Nathan,
I am a long time subscribe to John Stuart Mills's harm principle - that each individual has the right to act as he or she desires as long as it does no harm to others. This is what we should be calling freedom. Now defining harm to others can be difficult (one never actually lives in total isolation), but in a great number of situations, the principle can be applied with minimal criticism if we view harm as to limited to the individual. For example - if you shoot heroin at home, have sex with a consenting adult in your home (or hotel room), watch tons of porn, play music as loud as possible, you are possibly doing harm only to yourself and WITH another adult who has agreed to participate. Now if you shoot people, rape children, create porn with children or non-consenting adults or make so much noise you neighbors hear it, you are harming more than yourself.

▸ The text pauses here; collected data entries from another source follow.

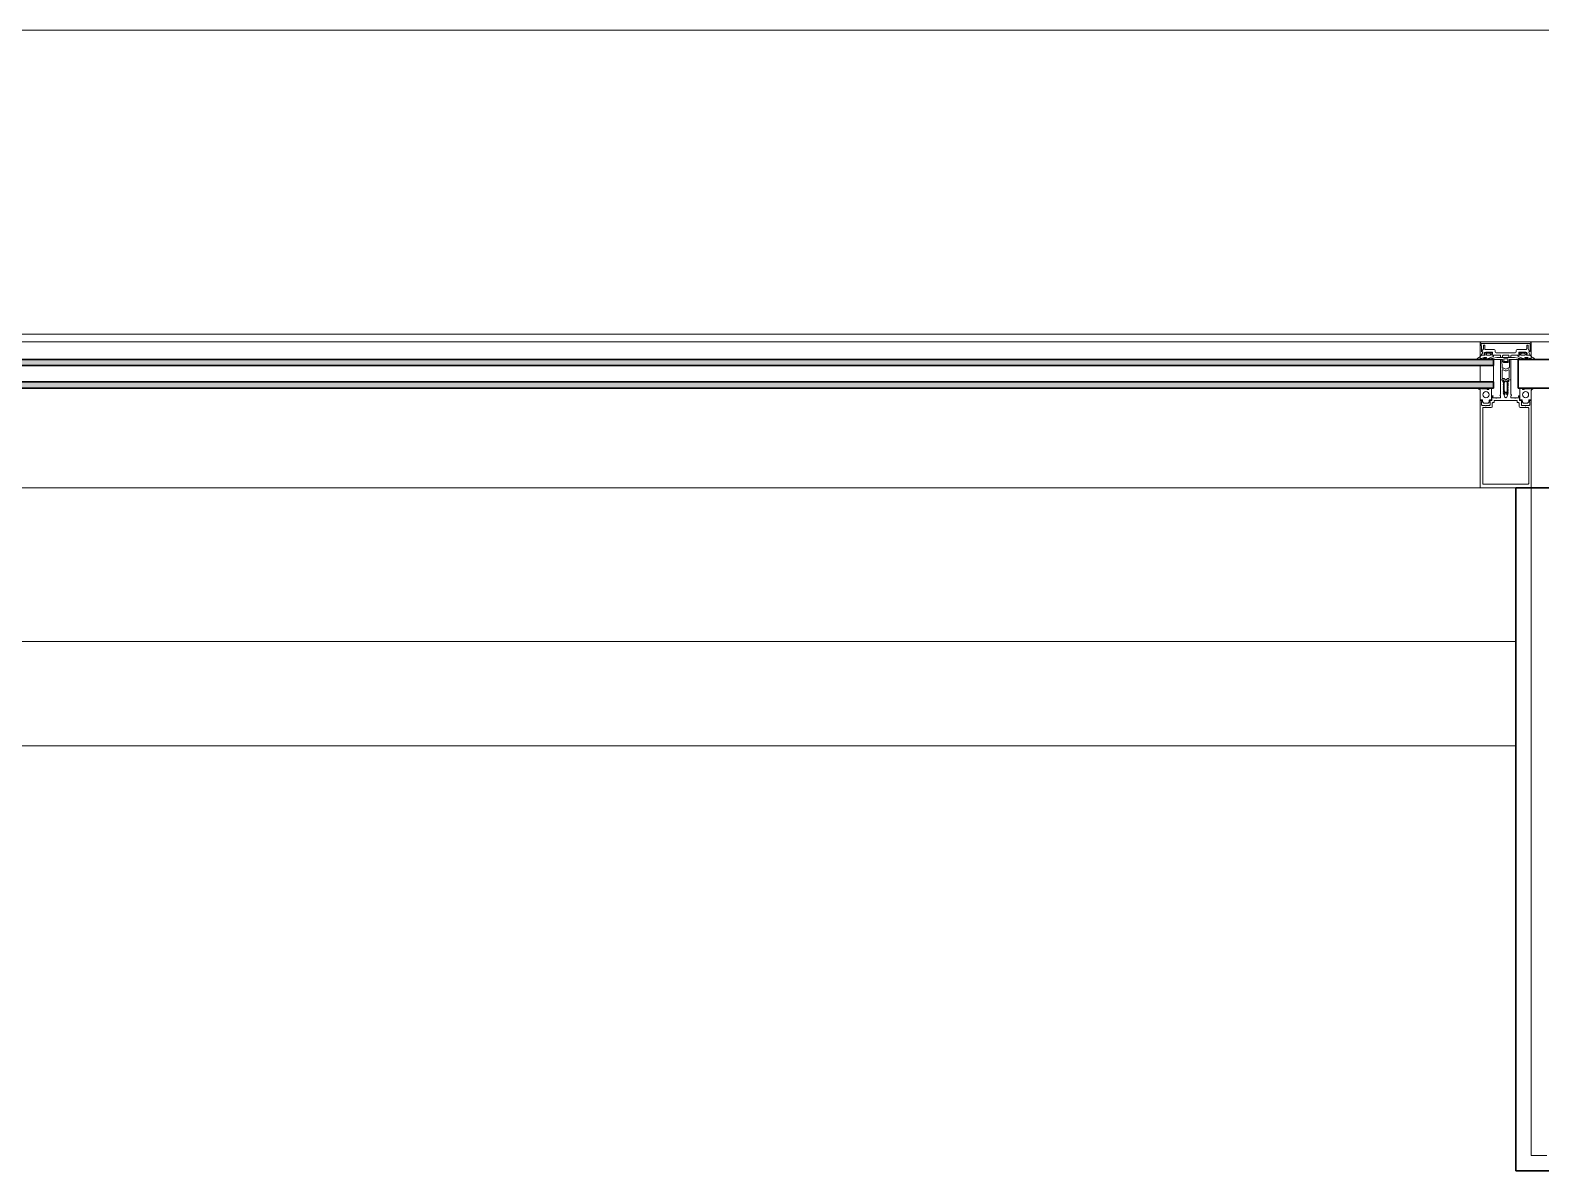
# Model space of a CAD drawing. Header units: millimetres. Extents: x 90978 to 295199, y -4084 to 97293.
# Drawn here: x 187110 to 188585, y 33886 to 35000 of the extents above; entities that cross this region are included whole.
import ezdxf

# ---------------------------------------------------------------- set-up
doc = ezdxf.new("R2010")
doc.units = ezdxf.units.MM
doc.header["$MEASUREMENT"] = 0
for name, color, linetype, lineweight in [('CSM-STL-XX-ZZ-M3-A-XXXX-00001_detached _19_04_21__rvt-1-Level 0$0$A-DETL-GENF', 7, 'CONTINUOUS', 9), ('CSM-STL-XX-ZZ-M3-A-XXXX-00001_detached _19_04_21__rvt-1-Level 0$0$A-GLAZ-CURT', 7, 'CONTINUOUS', 9), ('CSM-STL-XX-ZZ-M3-A-XXXX-00001_detached _19_04_21__rvt-1-Level 0$0$A-GLAZ-CWMG', 7, 'CONTINUOUS', 9), ('CSM-STL-XX-ZZ-M3-A-XXXX-00001_detached _19_04_21__rvt-1-Level 0$0$A-WALL', 7, 'CONTINUOUS', 9), ('CSM-STL-XX-ZZ-M3-A-XXXX-00001_detached _19_04_21__rvt-1-Level 0$0$I-WALL', 7, 'CONTINUOUS', 9)]:
    doc.layers.add(name, color=color, linetype=linetype, lineweight=lineweight)

msp = doc.modelspace()

# ---------------------------------------------------------------- hatches: boundary and pattern name
at = {"layer": 'CSM-STL-XX-ZZ-M3-A-XXXX-00001_detached _19_04_21__rvt-1-Level 0$0$A-GLAZ-CURT'}
h = msp.add_hatch(color=256, dxfattribs=at)
h.paths.add_polyline_path([(188538.8, 34650.7), (188538.8, 34656.7), (187062.8, 34656.7), (187062.8, 34650.7), (188398.2, 34650.7)], flags=0)
h.paths.add_polyline_path([(188398.2, 34672.7), (188538.8, 34672.7), (188538.8, 34678.7), (187062.8, 34678.7), (187062.8, 34672.7), (187764.7, 34672.7)], flags=0)

# ---------------------------------------------------------------- linework, layer by layer
at = {"layer": 'CSM-STL-XX-ZZ-M3-A-XXXX-00001_detached _19_04_21__rvt-1-Level 0$0$A-DETL-GENF'}
for p, q in [((188527.3, 34695.7), (188574.3, 34695.7)), ((188525.8, 34683.2), (188525.8, 34694.2)), ((188526.7, 34682.7), (188526.3, 34682.7)), ((188526.8, 34693.7), (188526.8, 34692.4)), ((188528.4, 34685.6), (188526.9, 34683)), ((188528.2, 34685.6), (188526.9, 34682.8)), ((188527, 34692), (188527, 34686.6)), ((188527, 34682.7), (188529.9, 34682.7)), ((188527.1, 34686.4), (188528.2, 34685.8)), ((188527.2, 34682.7), (188530.5, 34682.7)), ((188528, 34694.2), (188527.3, 34694.2)), ((188529, 34689), (188527.6, 34686.6)), ((188527.6, 34686.3), (188528.3, 34685.9)), ((188570.1, 34694.2), (188528, 34694.2)), ((188529, 34692.2), (188529, 34689.3)), ((188529.8, 34692.7), (188529.5, 34692.7)), ((188529.8, 34683.9), (188529.8, 34684.4)), ((188530.5, 34683.8), (188530, 34683.7)), ((188530, 34680), (188532.1, 34680.3)), ((188530.3, 34688.9), (188530.3, 34692.2)), ((188530.3, 34684.4), (188531.8, 34685.7)), ((188532, 34680.5), (188530.3, 34680.5)), ((188530.7, 34683.8), (188530.5, 34683.8)), ((188530.7, 34682.9), (188530.7, 34683.8)), ((188539.5, 34688.4), (188530.8, 34688.4)), ((188531.3, 34685.9), (188537.5, 34685.9)), ((188531.8, 34685.7), (188536, 34685.7)), ((188531.9, 34684.2), (188531.9, 34683.2)), ((188535.4, 34684.7), (188532.4, 34684.7)), ((188532.4, 34682.7), (188535.4, 34682.7)), ((188538.6, 34681.6), (188534.7, 34680)), ((188535, 34679.3), (188542.2, 34680.6)), ((188535.9, 34683.2), (188535.9, 34684.2)), ((188536, 34685.7), (188537.5, 34684.4)), ((188537.2, 34683.8), (188537.2, 34682.9)), ((188537.4, 34683.8), (188537.2, 34683.8)), ((188537.8, 34683.7), (188537.4, 34683.8)), ((188537.4, 34682.7), (188538.9, 34682.7)), ((188538, 34685.4), (188538, 34683.9)), ((188538, 34682.7), (188545.3, 34682.7)), ((188538.9, 34682.7), (188538.9, 34682.1)), ((188540.5, 34686.2), (188540.5, 34687.4)), ((188550.8, 34685.2), (188541.5, 34685.2)), ((188544, 34680.7), (188550.8, 34680.7)), ((188545.8, 34682.2), (188545.8, 34681.2)), ((188546.3, 34680.7), (188547.2, 34680.7)), ((188547.7, 34681.2), (188547.7, 34682.2)), ((188548.2, 34682.7), (188550.5, 34682.7)), ((188560.1, 34685.2), (188550.8, 34685.2)), ((188550.8, 34680.7), (188557.7, 34680.7)), ((188551.1, 34682.7), (188553.4, 34682.7)), ((188553.9, 34682.2), (188553.9, 34681.2)), ((188554.4, 34680.7), (188555.3, 34680.7)), ((188555.8, 34681.2), (188555.8, 34682.2)), ((188556.3, 34682.7), (188563.7, 34682.7)), ((188559.4, 34680.6), (188566.6, 34679.3)), ((188561.1, 34687.4), (188561.1, 34686.2)), ((188570.8, 34688.4), (188562.1, 34688.4)), ((188562.7, 34682.7), (188562.7, 34682.1)), ((188564.3, 34682.7), (188562.7, 34682.7)), ((188563, 34681.6), (188566.9, 34680)), ((188563.6, 34683.9), (188563.6, 34685.4)), ((188563.8, 34683.7), (188564.3, 34683.8)), ((188564.1, 34685.9), (188570.3, 34685.9)), ((188565.6, 34685.7), (188564.1, 34684.4)), ((188564.3, 34683.8), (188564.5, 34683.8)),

If you decide, at DCHS, to smoke pot, but not blow your smoke on others - it may be against the law, but in my view - it harms only you. Since DCHS has multiple decade history of clothing optional behavior, you are making a choice to visit the place and hence can not claim harm if you see a naked person. If nudity offends you, which it appears does not, there are an infinite number of other options for which nude behavior is not acceptable. Starting a fire at DCHS violates the "do no harm" principle since the possibility of burning down the forest and thus ruining it for many people is too high. This is why it is outlawed.
Camping and motorized vehicles are also forbidden. This is one reason I go there. Hence I am harmed when people blatantly disregard the rules. Again, there are an significant number of other locations for people who want to do off-road riding or camping in the forest. (Motorized vehicles also increase chance of fire as well.)
So what some people consider gaining freedom for themselves, I consider removing freedom for me.
An aside - the irony is that based upon my experiences outside of the U.S. both as a visitor and inhabitant, I consider the U.S. one of the less free industrialized nations. If you want to be naked - go to Spain where you have a constitutional right to be nude - even in public. (I hear Vermont is similar.)